Nell’antica Grecia, si definiva erastès (ἐραστής, traducibile come “amante”) l’uomo adulto che aveva una relazione con un adolescente di sesso maschile, che per legge doveva avere più di 12 anni. Tale relazione, pur essendo a sfondo erotico-sessuale, si arricchiva tuttavia di molteplici aspetti relazionali e di contenuti pedagogici. L’erastès infatti insegnava all’eròmenos, ovvero il fanciullo amato, il senso civico, la cultura e l’amore. In cambio, egli si aspettava dall’eròmenos gioia e piacere fisico. In ogni caso, secondo la morale sessuale greca, l’eromenos non doveva concedersi subito all’erastès, ma importante era il corteggiamento attuato dall’erastès nei suoi confronti, come raffigurano vasi e coppe dell’epoca classica. L’erastès inoltre doveva prendersi cura dell’eròmenos, anche con denaro o proteggendolo politicamente. A seguito soprattutto della pubblicazione dell’opera di Kenneth Dover intitolata L’omosessualità nella Grecia antica nel 1978 i due termini di erastès ed eròmenos sono divenute le parole standard per definire i due ruoli della relazione pederastica[1]. Entrambe derivano dal verbo ἐράω erào col significato di amare (da cui discende pure il nome del dio Eros). Secondo l’interpretazione data da Dover sussiste poi una stretta dicotomia tra la figura dell’erastès-ἐραστής (plurale erastai), l’amante più grande visto come partner attivo e dominante[2], col suffisso tes-τής come complemento di agente[3], e la parola della lingua greca antica paiderastês, che significava sì “amante dei ragazzi”, ma di solito indicato con una connotazione negativa[4]: l’erastes dovrebbe quindi rimanerne distinto contenendo in sé una forma assai più idealizzata di tal amore. L’amante, per come la vede Dover, avrebbe inoltre dovuto essere solo poco più che ventenne[5] e quindi la differenza di età tra i due poteva benissimo anche essere del tutto trascurabile[6].
Note
1. La coppia di termini viene utilizzata sia all’interno che all’esterno del campo di studi classici. Per le indagini e le opere di riferimento all’interno dello studio della cultura e della storia antica, si veda ad esempio The World of Athens: An Introduction to Classical Athenian Culture, una pubblicazione della “Joint Association of Classical Teachers” (Cambridge University Press, 1984, 2003), pp. 149–150 online; John Grimes Younger, Sex in the Ancient World from A to Z pp. 91–92 online.

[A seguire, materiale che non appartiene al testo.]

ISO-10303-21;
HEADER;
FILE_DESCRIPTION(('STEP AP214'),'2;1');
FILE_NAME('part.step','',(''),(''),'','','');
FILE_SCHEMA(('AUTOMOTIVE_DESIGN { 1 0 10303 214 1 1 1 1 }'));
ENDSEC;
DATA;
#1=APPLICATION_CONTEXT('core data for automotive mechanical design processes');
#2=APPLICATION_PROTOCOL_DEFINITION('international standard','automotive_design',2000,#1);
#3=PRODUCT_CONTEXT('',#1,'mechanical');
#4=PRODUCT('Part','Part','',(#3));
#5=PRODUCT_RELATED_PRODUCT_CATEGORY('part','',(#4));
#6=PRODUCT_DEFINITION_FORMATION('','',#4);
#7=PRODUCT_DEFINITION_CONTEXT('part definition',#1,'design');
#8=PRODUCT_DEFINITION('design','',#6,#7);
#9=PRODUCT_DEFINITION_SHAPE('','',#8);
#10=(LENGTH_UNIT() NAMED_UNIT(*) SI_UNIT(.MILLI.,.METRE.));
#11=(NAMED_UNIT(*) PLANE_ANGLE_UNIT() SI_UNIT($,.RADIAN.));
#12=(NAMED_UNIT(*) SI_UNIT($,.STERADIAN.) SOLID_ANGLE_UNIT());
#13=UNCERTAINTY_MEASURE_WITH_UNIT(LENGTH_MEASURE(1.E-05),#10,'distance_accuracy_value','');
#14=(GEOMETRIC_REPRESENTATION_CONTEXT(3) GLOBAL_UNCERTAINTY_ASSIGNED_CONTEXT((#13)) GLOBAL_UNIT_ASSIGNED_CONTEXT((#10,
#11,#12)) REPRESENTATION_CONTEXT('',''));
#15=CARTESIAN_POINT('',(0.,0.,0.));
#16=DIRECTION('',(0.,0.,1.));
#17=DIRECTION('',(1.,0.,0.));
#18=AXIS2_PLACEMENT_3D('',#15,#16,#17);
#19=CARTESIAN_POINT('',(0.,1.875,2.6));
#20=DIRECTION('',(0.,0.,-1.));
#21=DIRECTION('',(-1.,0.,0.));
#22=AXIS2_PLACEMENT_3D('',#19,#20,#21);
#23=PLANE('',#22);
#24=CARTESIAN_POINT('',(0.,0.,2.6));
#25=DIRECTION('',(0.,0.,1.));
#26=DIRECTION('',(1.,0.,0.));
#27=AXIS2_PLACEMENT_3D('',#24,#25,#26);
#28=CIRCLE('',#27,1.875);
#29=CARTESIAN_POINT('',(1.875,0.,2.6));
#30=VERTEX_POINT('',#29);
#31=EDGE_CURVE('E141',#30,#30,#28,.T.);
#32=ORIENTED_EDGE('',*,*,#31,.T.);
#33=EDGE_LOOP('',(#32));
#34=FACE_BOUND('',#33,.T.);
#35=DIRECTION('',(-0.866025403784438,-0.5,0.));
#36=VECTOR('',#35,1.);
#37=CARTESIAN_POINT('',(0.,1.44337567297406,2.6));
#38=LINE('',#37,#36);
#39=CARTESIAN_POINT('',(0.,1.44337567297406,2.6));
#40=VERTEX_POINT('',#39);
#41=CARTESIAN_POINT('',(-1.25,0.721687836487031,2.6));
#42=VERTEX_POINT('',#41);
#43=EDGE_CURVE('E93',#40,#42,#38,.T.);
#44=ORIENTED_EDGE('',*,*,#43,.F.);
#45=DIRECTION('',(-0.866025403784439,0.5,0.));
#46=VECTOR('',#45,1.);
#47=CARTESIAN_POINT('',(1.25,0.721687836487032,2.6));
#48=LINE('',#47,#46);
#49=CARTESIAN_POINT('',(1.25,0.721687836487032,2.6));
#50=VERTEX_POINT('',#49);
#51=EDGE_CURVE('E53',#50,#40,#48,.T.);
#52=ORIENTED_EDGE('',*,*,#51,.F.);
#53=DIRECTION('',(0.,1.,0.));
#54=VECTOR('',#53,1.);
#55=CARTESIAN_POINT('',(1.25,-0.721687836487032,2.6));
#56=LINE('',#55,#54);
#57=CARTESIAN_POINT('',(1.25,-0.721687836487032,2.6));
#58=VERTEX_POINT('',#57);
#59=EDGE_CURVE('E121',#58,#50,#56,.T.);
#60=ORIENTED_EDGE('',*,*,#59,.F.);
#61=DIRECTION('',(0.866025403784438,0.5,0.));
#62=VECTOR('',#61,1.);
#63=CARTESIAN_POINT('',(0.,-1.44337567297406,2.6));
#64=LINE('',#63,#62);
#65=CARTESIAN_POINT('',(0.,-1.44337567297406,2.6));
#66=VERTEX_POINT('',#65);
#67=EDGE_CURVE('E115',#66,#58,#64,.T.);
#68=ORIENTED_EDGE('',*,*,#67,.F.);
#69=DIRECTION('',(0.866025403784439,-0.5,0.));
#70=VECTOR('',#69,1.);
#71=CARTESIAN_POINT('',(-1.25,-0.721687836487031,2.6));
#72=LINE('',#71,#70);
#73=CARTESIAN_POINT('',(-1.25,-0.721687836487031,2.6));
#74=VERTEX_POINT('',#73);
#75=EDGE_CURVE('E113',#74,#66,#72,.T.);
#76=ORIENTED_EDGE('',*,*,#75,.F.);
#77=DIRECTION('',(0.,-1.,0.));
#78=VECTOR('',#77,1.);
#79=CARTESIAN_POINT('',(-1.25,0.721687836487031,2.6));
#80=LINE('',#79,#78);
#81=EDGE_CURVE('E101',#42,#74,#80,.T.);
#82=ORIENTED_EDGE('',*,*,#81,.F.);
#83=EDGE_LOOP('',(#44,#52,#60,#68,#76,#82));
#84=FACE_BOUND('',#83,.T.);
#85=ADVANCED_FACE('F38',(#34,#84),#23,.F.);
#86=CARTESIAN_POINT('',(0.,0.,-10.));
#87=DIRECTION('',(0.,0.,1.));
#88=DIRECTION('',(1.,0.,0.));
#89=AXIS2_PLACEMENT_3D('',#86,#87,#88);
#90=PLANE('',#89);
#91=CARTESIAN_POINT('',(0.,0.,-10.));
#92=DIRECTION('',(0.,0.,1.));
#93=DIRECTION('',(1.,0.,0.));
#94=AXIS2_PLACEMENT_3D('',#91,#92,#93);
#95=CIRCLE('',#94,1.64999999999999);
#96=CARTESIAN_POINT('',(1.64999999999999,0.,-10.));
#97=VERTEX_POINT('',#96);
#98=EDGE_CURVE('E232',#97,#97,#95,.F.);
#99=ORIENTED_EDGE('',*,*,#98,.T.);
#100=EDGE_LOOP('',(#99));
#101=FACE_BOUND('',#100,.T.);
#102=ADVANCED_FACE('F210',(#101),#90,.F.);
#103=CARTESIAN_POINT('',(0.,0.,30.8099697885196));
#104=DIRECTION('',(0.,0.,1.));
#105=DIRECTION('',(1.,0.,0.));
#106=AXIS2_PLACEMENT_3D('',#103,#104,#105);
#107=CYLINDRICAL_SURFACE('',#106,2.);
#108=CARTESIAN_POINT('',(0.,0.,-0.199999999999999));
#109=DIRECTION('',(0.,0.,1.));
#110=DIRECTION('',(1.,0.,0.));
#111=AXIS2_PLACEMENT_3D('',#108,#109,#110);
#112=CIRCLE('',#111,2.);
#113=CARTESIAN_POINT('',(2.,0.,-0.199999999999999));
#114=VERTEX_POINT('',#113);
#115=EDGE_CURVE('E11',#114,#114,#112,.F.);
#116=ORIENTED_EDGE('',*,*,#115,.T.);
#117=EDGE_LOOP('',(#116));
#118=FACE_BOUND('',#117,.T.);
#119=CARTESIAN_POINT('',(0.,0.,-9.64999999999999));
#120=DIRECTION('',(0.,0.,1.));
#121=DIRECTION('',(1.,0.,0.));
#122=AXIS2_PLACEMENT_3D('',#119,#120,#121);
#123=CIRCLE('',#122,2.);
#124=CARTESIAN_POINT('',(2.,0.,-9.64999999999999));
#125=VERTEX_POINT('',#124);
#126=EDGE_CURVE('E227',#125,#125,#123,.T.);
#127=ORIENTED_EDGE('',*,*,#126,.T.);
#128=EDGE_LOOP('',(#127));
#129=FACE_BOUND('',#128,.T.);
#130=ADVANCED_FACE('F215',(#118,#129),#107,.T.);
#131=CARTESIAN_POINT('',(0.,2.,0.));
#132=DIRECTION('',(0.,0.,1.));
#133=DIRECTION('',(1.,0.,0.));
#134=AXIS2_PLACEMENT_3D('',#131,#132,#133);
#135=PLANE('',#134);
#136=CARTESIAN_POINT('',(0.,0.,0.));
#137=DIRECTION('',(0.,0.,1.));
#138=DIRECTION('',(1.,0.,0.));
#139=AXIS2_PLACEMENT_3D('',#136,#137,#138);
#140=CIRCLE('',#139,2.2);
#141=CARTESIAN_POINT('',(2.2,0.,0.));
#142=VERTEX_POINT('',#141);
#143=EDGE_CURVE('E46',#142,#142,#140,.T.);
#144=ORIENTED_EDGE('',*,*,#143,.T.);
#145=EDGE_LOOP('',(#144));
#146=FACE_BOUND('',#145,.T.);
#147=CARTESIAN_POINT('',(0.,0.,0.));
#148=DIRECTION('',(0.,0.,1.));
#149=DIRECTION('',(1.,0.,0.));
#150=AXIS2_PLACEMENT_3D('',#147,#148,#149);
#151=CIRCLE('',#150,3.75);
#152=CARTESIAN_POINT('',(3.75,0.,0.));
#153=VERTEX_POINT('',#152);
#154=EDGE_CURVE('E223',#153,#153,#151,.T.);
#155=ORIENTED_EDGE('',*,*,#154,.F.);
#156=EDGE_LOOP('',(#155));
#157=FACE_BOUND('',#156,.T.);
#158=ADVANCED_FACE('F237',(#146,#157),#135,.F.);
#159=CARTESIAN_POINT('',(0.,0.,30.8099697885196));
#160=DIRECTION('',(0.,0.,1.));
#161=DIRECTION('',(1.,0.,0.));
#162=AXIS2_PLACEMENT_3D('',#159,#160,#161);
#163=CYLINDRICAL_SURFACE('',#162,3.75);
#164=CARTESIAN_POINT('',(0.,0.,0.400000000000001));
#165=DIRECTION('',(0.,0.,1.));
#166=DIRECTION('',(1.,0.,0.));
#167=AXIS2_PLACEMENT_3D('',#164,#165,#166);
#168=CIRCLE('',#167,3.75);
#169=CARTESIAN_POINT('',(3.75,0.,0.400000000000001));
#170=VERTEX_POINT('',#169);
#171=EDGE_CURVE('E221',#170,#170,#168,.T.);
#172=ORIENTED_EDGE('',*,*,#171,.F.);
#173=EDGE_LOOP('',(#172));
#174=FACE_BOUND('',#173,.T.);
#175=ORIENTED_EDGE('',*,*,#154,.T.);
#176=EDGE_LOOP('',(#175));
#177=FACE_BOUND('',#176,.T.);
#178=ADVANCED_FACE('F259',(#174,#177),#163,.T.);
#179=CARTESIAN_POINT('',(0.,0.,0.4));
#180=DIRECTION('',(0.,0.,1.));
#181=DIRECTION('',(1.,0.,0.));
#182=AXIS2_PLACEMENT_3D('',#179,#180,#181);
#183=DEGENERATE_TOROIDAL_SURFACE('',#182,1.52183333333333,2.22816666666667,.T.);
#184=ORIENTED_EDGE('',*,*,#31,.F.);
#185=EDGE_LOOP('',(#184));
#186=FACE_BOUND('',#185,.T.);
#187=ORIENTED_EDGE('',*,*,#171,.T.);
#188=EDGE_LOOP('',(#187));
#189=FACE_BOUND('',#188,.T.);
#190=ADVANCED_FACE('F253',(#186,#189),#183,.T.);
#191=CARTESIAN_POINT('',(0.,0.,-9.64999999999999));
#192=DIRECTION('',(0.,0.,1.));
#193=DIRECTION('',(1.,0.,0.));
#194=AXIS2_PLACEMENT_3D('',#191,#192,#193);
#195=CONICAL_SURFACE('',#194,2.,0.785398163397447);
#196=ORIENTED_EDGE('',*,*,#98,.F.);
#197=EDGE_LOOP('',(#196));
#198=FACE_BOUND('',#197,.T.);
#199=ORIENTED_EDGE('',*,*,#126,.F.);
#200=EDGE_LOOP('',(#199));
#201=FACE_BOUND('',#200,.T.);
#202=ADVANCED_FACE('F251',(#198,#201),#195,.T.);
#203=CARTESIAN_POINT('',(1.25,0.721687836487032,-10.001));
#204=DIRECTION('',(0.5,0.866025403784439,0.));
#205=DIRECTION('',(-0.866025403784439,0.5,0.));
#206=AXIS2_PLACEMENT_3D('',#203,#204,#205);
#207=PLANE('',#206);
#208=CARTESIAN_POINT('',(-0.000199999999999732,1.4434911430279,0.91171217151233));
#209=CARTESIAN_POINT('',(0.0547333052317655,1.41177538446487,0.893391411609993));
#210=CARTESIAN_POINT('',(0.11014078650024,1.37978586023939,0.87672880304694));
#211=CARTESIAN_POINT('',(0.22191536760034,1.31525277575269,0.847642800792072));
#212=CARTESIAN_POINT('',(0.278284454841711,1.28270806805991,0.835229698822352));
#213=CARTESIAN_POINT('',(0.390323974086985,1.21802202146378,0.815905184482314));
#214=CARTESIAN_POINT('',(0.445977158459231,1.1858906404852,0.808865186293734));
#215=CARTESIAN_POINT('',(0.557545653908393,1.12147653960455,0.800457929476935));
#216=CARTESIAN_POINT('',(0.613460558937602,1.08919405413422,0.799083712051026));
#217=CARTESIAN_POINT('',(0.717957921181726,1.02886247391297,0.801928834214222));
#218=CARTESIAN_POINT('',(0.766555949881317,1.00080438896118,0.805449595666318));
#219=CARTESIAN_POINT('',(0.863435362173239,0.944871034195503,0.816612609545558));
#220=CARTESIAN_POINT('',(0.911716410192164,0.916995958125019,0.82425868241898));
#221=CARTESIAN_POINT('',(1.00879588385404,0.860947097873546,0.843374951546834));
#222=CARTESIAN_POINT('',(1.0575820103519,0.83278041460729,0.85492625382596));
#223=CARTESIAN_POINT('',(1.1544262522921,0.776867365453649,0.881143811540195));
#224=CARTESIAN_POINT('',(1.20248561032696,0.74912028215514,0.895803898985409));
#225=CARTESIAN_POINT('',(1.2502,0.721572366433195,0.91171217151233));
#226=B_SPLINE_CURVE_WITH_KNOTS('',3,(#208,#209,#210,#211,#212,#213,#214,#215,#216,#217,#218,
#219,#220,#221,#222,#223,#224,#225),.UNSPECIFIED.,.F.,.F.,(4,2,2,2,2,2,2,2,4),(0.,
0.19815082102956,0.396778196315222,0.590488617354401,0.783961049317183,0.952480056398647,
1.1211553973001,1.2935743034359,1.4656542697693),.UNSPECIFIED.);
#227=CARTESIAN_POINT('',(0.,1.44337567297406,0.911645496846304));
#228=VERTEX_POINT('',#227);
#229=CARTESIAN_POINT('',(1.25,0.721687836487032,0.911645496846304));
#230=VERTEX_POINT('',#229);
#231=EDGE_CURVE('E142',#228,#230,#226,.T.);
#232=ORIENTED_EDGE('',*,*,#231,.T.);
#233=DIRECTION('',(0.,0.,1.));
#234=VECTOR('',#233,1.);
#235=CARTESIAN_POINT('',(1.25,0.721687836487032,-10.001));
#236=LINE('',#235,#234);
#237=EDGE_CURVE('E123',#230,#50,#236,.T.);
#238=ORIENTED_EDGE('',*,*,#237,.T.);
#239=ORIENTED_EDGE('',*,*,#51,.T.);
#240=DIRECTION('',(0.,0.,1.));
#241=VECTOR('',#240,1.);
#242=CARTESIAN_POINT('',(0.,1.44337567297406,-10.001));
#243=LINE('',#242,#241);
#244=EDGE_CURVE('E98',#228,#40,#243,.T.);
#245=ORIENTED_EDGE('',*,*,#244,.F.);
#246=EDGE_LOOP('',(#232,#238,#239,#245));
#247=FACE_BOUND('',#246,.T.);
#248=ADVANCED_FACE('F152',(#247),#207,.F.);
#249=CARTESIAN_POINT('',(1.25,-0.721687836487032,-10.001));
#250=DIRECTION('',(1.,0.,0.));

Per gli studi esterni a quello più specificamente classico, vedi ad esempio Michael Burger, The Shaping of Western Civilization: From Antiquity to the Enlightenment (University of Toronto Press, 2008), pp. 50–51 online; Richard C. Friedman and Jennifer I. Downey, Sexual Orientation and Psychoanalysis: Sexual Science and Clinical Practice (Columbia University Press, 2002), pp. 168–169 online; Michael R. Kauth, True Nature: A Theory of Sexual Attraction (Springer, 2000), p. 87 online; Roberto Haran, Lacan’s Four Fundamental Concepts of Psychoanalysis (2004), p. 165ff. online.
2. Kenneth Dover, Greek Homosexuality (Harvard University Press, 1978, 1989), p. 16.
3. Herbert Weir Smyth, “Formation of Substantives,” sezioni 838–839, Greek Grammar (Harvard University Press, 1920, 1984), pp. 229–230. L’inserimento del sigma tra verbo e suffisso è eufonico (§836).
4. Liddell and Scott, Greek-English Lexicon, p. 1286.
5. William Armstrong Percy III, Pederasty and Pedagogy in Archaic Greece (University of Illinois Press, 1996), p. 1 online.
6. Martha Nussbaum, “Platonic Love and Colorado Law: The Relevance of Ancient Greek Norms to Modern Sexual Controversies,” Sex and Social Justice (Oxford University Press, 1999), p. 309: “poiché il pensiero popolare/di massa dei nostri giorni tende a mettere a fuoco l’immagine spaventosa di un ‘vecchio sporcaccione’ che si muove liberamente al di fuori della scuola in attesa di molestare i ragazzini, è importante ricordare che l’erastes potrebbe non essere molto lontano in età dall’eromenos”.